On April 8, 2015, a New York Assemblyman introduced the Data Security Act in the New York State Assembly that would require New York businesses to implement and maintain information security safeguards. The requirements would apply to “private information,” which is defined as either:
- personal information consisting of any information in combination with one or more of the following data elements, when either the personal information or the data element is not encrypted: Social Security number; driver’s license number or non-driver identification card number; financial account or credit or debit card number in combination with any required security code or password; or biometric information;
- a user name or email address in combination with a password or security question and answer that would permit access to an online account; or
- unsecured protected health information (as that term is defined in the Health Insurance Portability and Accountability Act of 1996 (“HIPAA”) Privacy Rule).
The Data Security Act obligates entities to develop an information security program that includes:
- administrative safeguards, such as conducting risk assessments, training employees and selecting service providers capable of maintaining appropriate safeguards;
- technical safeguards, such as assessing risks in network and software design and regularly testing and monitoring the effectiveness of key controls; and
- physical safeguards, such as disposing of electronic media so that the information cannot be read or reconstructed.

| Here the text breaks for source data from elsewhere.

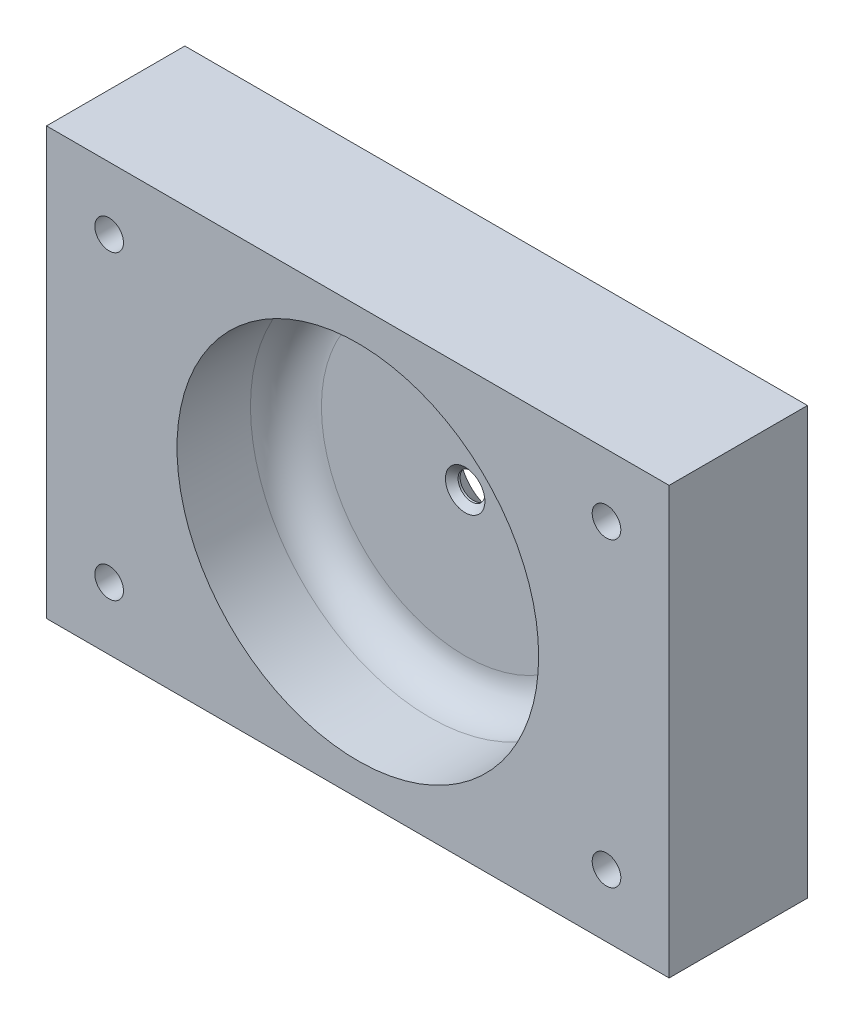
ISO-10303-21;
HEADER;
FILE_DESCRIPTION(('STEP AP214'),'2;1');
FILE_NAME('part.step','',(''),(''),'','','');
FILE_SCHEMA(('AUTOMOTIVE_DESIGN { 1 0 10303 214 1 1 1 1 }'));
ENDSEC;
DATA;
#1=APPLICATION_CONTEXT('core data for automotive mechanical design processes');
#2=APPLICATION_PROTOCOL_DEFINITION('international standard','automotive_design',2000,#1);
#3=PRODUCT_CONTEXT('',#1,'mechanical');
#4=PRODUCT('Part','Part','',(#3));
#5=PRODUCT_RELATED_PRODUCT_CATEGORY('part','',(#4));
#6=PRODUCT_DEFINITION_FORMATION('','',#4);
#7=PRODUCT_DEFINITION_CONTEXT('part definition',#1,'design');
#8=PRODUCT_DEFINITION('design','',#6,#7);
#9=PRODUCT_DEFINITION_SHAPE('','',#8);
#10=(LENGTH_UNIT() NAMED_UNIT(*) SI_UNIT(.MILLI.,.METRE.));
#11=(NAMED_UNIT(*) PLANE_ANGLE_UNIT() SI_UNIT($,.RADIAN.));
#12=(NAMED_UNIT(*) SI_UNIT($,.STERADIAN.) SOLID_ANGLE_UNIT());
#13=UNCERTAINTY_MEASURE_WITH_UNIT(LENGTH_MEASURE(1.E-05),#10,'distance_accuracy_value','');
#14=(GEOMETRIC_REPRESENTATION_CONTEXT(3) GLOBAL_UNCERTAINTY_ASSIGNED_CONTEXT((#13)) GLOBAL_UNIT_ASSIGNED_CONTEXT((#10,
#11,#12)) REPRESENTATION_CONTEXT('',''));
#15=CARTESIAN_POINT('',(0.,0.,0.));
#16=DIRECTION('',(0.,0.,1.));
#17=DIRECTION('',(1.,0.,0.));
#18=AXIS2_PLACEMENT_3D('',#15,#16,#17);
#19=CARTESIAN_POINT('',(0.,0.,-17.3199999999999));
#20=DIRECTION('',(0.,0.,1.));
#21=DIRECTION('',(1.,0.,0.));
#22=AXIS2_PLACEMENT_3D('',#19,#20,#21);
#23=PLANE('',#22);
#24=CARTESIAN_POINT('',(0.,0.,-17.3199999999999));
#25=DIRECTION('',(0.,0.,-1.));
#26=DIRECTION('',(-1.,0.,0.));
#27=AXIS2_PLACEMENT_3D('',#24,#25,#26);
#28=CIRCLE('',#27,20.16);
#29=CARTESIAN_POINT('',(-20.16,0.,-17.3199999999999));
#30=VERTEX_POINT('',#29);
#31=EDGE_CURVE('E392',#30,#30,#28,.T.);
#32=ORIENTED_EDGE('',*,*,#31,.F.);
#33=EDGE_LOOP('',(#32));
#34=FACE_BOUND('',#33,.T.);
#35=CARTESIAN_POINT('',(138.966911279086,84.2062553893646,-17.3199999999999));
#36=DIRECTION('',(0.,0.,-1.));
#37=DIRECTION('',(-1.,0.,0.));
#38=AXIS2_PLACEMENT_3D('',#35,#36,#37);
#39=CIRCLE('',#38,15.);
#40=CARTESIAN_POINT('',(123.966911279086,84.2062553893646,-17.3199999999999));
#41=VERTEX_POINT('',#40);
#42=EDGE_CURVE('E402',#41,#41,#39,.T.);
#43=ORIENTED_EDGE('',*,*,#42,.F.);
#44=EDGE_LOOP('',(#43));
#45=FACE_BOUND('',#44,.T.);
#46=CARTESIAN_POINT('',(-138.966911279086,84.2062553893646,-17.3199999999999));
#47=DIRECTION('',(0.,0.,-1.));
#48=DIRECTION('',(-1.,0.,0.));
#49=AXIS2_PLACEMENT_3D('',#46,#47,#48);
#50=CIRCLE('',#49,15.);
#51=CARTESIAN_POINT('',(-153.966911279086,84.2062553893646,-17.3199999999999));
#52=VERTEX_POINT('',#51);
#53=EDGE_CURVE('E135',#52,#52,#50,.T.);
#54=ORIENTED_EDGE('',*,*,#53,.F.);
#55=EDGE_LOOP('',(#54));
#56=FACE_BOUND('',#55,.T.);
#57=CARTESIAN_POINT('',(-138.966911279086,-84.2062553893646,-17.3199999999999));
#58=DIRECTION('',(0.,0.,-1.));
#59=DIRECTION('',(-1.,0.,0.));
#60=AXIS2_PLACEMENT_3D('',#57,#58,#59);
#61=CIRCLE('',#60,15.);
#62=CARTESIAN_POINT('',(-153.966911279086,-84.2062553893646,-17.3199999999999));
#63=VERTEX_POINT('',#62);
#64=EDGE_CURVE('E122',#63,#63,#61,.T.);
#65=ORIENTED_EDGE('',*,*,#64,.F.);
#66=EDGE_LOOP('',(#65));
#67=FACE_BOUND('',#66,.T.);
#68=CARTESIAN_POINT('',(138.966911279086,-84.2062553893646,-17.3199999999999));
#69=DIRECTION('',(0.,0.,-1.));
#70=DIRECTION('',(-1.,0.,0.));
#71=AXIS2_PLACEMENT_3D('',#68,#69,#70);
#72=CIRCLE('',#71,15.);
#73=CARTESIAN_POINT('',(123.966911279086,-84.2062553893646,-17.3199999999999));
#74=VERTEX_POINT('',#73);
#75=EDGE_CURVE('E118',#74,#74,#72,.T.);
#76=ORIENTED_EDGE('',*,*,#75,.F.);
#77=EDGE_LOOP('',(#76));
#78=FACE_BOUND('',#77,.T.);
#79=DIRECTION('',(0.,-1.,0.));
#80=VECTOR('',#79,1.);
#81=CARTESIAN_POINT('',(-173.966911279086,-119.206255389365,-17.3199999999999));
#82=LINE('',#81,#80);
#83=CARTESIAN_POINT('',(-173.966911279086,119.206255389365,-17.3199999999999));
#84=VERTEX_POINT('',#83);
#85=CARTESIAN_POINT('',(-173.966911279086,-119.206255389365,-17.3199999999999));
#86=VERTEX_POINT('',#85);
#87=EDGE_CURVE('E90',#84,#86,#82,.T.);
#88=ORIENTED_EDGE('',*,*,#87,.F.);
#89=DIRECTION('',(-1.,0.,0.));
#90=VECTOR('',#89,1.);
#91=CARTESIAN_POINT('',(173.966911279086,119.206255389365,-17.3199999999999));
#92=LINE('',#91,#90);
#93=CARTESIAN_POINT('',(173.966911279086,119.206255389365,-17.3199999999999));
#94=VERTEX_POINT('',#93);
#95=EDGE_CURVE('E107',#94,#84,#92,.T.);
#96=ORIENTED_EDGE('',*,*,#95,.F.);
#97=DIRECTION('',(0.,1.,0.));
#98=VECTOR('',#97,1.);
#99=CARTESIAN_POINT('',(173.966911279086,-119.206255389365,-17.3199999999999));
#100=LINE('',#99,#98);
#101=CARTESIAN_POINT('',(173.966911279086,-119.206255389365,-17.3199999999999));
#102=VERTEX_POINT('',#101);
#103=EDGE_CURVE('E92',#102,#94,#100,.T.);
#104=ORIENTED_EDGE('',*,*,#103,.F.);
#105=DIRECTION('',(1.,0.,0.));
#106=VECTOR('',#105,1.);
#107=CARTESIAN_POINT('',(173.966911279086,-119.206255389365,-17.3199999999999));
#108=LINE('',#107,#106);
#109=EDGE_CURVE('E79',#86,#102,#108,.T.);
#110=ORIENTED_EDGE('',*,*,#109,.F.);
#111=EDGE_LOOP('',(#88,#96,#104,#110));
#112=FACE_BOUND('',#111,.T.);
#113=ADVANCED_FACE('F37',(#34,#45,#56,#67,#78,#112),#23,.F.);
#114=CARTESIAN_POINT('',(173.966911279086,119.206255389365,137.32));
#115=DIRECTION('',(0.,-1.,0.));
#116=DIRECTION('',(0.,0.,-1.));
#117=AXIS2_PLACEMENT_3D('',#114,#115,#116);
#118=PLANE('',#117);
#119=DIRECTION('',(0.,0.,-1.));
#120=VECTOR('',#119,1.);
#121=CARTESIAN_POINT('',(-173.966911279086,119.206255389365,137.32));
#122=LINE('',#121,#120);
#123=CARTESIAN_POINT('',(-173.966911279086,119.206255389365,60.0000000000003));
#124=VERTEX_POINT('',#123);
#125=EDGE_CURVE('E95',#124,#84,#122,.T.);
#126=ORIENTED_EDGE('',*,*,#125,.F.);
#127=DIRECTION('',(1.,0.,0.));
#128=VECTOR('',#127,1.);
#129=CARTESIAN_POINT('',(173.966911279086,119.206255389365,60.0000000000004));
#130=LINE('',#129,#128);
#131=CARTESIAN_POINT('',(173.966911279086,119.206255389365,60.0000000000004));
#132=VERTEX_POINT('',#131);
#133=EDGE_CURVE('E84',#124,#132,#130,.T.);
#134=ORIENTED_EDGE('',*,*,#133,.T.);
#135=DIRECTION('',(0.,0.,-1.));
#136=VECTOR('',#135,1.);
#137=CARTESIAN_POINT('',(173.966911279086,119.206255389365,137.32));
#138=LINE('',#137,#136);
#139=EDGE_CURVE('E110',#132,#94,#138,.T.);
#140=ORIENTED_EDGE('',*,*,#139,.T.);
#141=ORIENTED_EDGE('',*,*,#95,.T.);
#142=EDGE_LOOP('',(#126,#134,#140,#141));
#143=FACE_BOUND('',#142,.T.);
#144=ADVANCED_FACE('F160',(#143),#118,.F.);
#145=CARTESIAN_POINT('',(173.966911279086,-119.206255389365,137.32));
#146=DIRECTION('',(-1.,0.,0.));
#147=DIRECTION('',(0.,0.,1.));
#148=AXIS2_PLACEMENT_3D('',#145,#146,#147);
#149=PLANE('',#148);
#150=ORIENTED_EDGE('',*,*,#139,.F.);
#151=DIRECTION('',(0.,-1.,0.));
#152=VECTOR('',#151,1.);
#153=CARTESIAN_POINT('',(173.966911279086,-119.206255389364,59.9999999999996));
#154=LINE('',#153,#152);
#155=CARTESIAN_POINT('',(173.966911279086,-119.206255389365,59.9999999999996));
#156=VERTEX_POINT('',#155);
#157=EDGE_CURVE('E114',#132,#156,#154,.T.);
#158=ORIENTED_EDGE('',*,*,#157,.T.);
#159=DIRECTION('',(0.,0.,-1.));
#160=VECTOR('',#159,1.);
#161=CARTESIAN_POINT('',(173.966911279086,-119.206255389365,137.32));
#162=LINE('',#161,#160);
#163=EDGE_CURVE('E85',#156,#102,#162,.T.);
#164=ORIENTED_EDGE('',*,*,#163,.T.);
#165=ORIENTED_EDGE('',*,*,#103,.T.);
#166=EDGE_LOOP('',(#150,#158,#164,#165));
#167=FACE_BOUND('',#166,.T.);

The Data Security Act deems certain specific entities in compliance with the law’s requirements, such as financial institutions that comply with the Gramm-Leach-Bliley Act, HIPAA-regulated entities, and entities that comply with NIST Standards. Entities that comply with the latest version of NIST Special Publication 800-53 are also immune from any civil liability under the Act.
The Data Security Act establishes a rebuttable presumption that an entity that obtains an independent third-party certification complies with the requirements of the law. The New York Attorney General is empowered to enjoin any violations of the Data Security Act, and can obtain civil penalties of $250 for each person whose private information was compromised, up to a maximum of $10 million. For knowing and reckless violations, these amounts can increase to $1,000 for each affected person up to a total of the higher of $50 million or three times the aggregate amount of any actual costs and losses.
The Data Security Act also amends New York’s breach notification law by using the expanded definition of “private information” discussed above. Previously, New York’s law did not cover breaches involving biometric information, user names and passwords, or protected health information.